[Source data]
·····
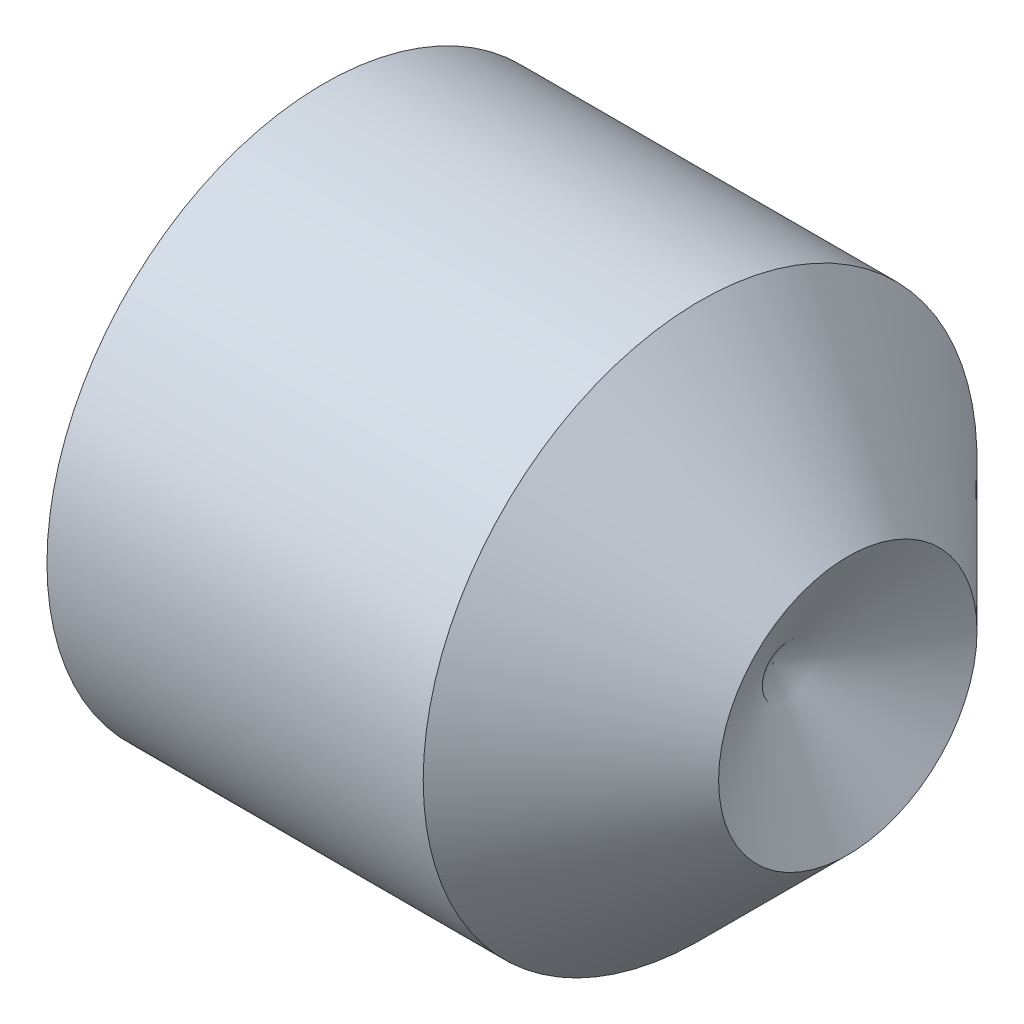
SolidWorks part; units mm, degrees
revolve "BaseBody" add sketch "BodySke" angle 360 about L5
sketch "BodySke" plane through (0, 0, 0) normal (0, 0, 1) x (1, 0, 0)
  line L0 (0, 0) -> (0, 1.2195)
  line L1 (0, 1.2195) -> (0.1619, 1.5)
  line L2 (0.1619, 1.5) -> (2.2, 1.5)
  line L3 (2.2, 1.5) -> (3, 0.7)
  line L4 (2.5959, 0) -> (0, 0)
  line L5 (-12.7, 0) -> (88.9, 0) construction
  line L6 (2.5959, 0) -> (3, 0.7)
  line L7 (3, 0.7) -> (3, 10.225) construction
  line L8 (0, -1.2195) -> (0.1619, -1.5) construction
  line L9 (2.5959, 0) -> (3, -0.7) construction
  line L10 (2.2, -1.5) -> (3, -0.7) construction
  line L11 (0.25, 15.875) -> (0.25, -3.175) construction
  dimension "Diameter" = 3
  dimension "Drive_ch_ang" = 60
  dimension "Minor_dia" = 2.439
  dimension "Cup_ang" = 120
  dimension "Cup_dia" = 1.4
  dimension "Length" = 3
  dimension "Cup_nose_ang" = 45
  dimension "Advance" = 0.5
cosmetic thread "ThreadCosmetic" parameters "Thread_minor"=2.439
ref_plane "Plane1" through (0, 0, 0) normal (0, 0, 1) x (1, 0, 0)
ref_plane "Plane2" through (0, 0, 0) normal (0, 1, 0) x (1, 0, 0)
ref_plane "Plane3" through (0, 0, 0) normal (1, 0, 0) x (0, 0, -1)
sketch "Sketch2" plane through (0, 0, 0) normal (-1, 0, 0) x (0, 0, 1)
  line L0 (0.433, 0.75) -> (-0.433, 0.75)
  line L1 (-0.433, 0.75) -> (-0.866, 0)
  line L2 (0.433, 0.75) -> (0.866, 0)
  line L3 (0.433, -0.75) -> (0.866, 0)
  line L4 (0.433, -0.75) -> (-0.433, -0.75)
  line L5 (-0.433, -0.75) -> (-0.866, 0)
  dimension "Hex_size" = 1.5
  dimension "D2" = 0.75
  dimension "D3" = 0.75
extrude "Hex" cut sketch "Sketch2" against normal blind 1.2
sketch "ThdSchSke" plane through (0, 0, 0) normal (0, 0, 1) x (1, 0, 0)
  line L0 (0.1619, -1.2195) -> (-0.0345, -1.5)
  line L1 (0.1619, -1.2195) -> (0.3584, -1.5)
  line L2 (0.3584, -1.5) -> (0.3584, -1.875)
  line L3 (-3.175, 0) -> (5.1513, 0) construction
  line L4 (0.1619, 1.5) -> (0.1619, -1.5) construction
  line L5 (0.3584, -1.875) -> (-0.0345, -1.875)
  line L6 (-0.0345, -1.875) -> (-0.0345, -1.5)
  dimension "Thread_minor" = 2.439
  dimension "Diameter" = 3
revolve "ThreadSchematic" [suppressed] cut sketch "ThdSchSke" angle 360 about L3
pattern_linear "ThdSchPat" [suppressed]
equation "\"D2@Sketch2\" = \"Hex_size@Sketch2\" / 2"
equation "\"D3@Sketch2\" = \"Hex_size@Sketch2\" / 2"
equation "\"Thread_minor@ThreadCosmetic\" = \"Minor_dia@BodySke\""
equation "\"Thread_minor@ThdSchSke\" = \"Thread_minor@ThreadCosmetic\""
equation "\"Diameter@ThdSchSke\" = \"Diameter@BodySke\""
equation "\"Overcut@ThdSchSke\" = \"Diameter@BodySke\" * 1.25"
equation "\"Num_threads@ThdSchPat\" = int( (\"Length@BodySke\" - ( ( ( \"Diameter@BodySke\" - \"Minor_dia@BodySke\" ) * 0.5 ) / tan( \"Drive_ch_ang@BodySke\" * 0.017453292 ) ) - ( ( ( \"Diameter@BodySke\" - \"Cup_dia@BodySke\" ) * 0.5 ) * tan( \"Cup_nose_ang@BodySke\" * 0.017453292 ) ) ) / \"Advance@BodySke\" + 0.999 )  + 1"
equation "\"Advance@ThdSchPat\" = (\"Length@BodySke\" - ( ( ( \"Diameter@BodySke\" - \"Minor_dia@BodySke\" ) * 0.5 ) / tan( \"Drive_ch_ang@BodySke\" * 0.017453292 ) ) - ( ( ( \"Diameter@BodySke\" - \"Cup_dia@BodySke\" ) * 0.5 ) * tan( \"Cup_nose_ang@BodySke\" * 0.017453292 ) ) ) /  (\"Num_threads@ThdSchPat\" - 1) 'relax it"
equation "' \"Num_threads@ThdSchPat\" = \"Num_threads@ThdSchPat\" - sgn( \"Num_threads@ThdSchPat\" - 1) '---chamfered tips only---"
·····
◆ **WHAT IS EXPECTED**
For each line of the entries that holds the word "Diameter", pull that line out.

◆ **RESPONSE TO THIS TASK**
  dimension "Diameter" = 3
  dimension "Diameter" = 3
equation "\"Diameter@ThdSchSke\" = \"Diameter@BodySke\""
equation "\"Overcut@ThdSchSke\" = \"Diameter@BodySke\" * 1.25"
equation "\"Num_threads@ThdSchPat\" = int( (\"Length@BodySke\" - ( ( ( \"Diameter@BodySke\" - \"Minor_dia@BodySke\" ) * 0.5 ) / tan( \"Drive_ch_ang@BodySke\" * 0.017453292 ) ) - ( ( ( \"Diameter@BodySke\" - \"Cup_dia@BodySke\" ) * 0.5 ) * tan( \"Cup_nose_ang@BodySke\" * 0.017453292 ) ) ) / \"Advance@BodySke\" + 0.999 )  + 1"
equation "\"Advance@ThdSchPat\" = (\"Length@BodySke\" - ( ( ( \"Diameter@BodySke\" - \"Minor_dia@BodySke\" ) * 0.5 ) / tan( \"Drive_ch_ang@BodySke\" * 0.017453292 ) ) - ( ( ( \"Diameter@BodySke\" - \"Cup_dia@BodySke\" ) * 0.5 ) * tan( \"Cup_nose_ang@BodySke\" * 0.017453292 ) ) ) /  (\"Num_threads@ThdSchPat\" - 1) 'relax it"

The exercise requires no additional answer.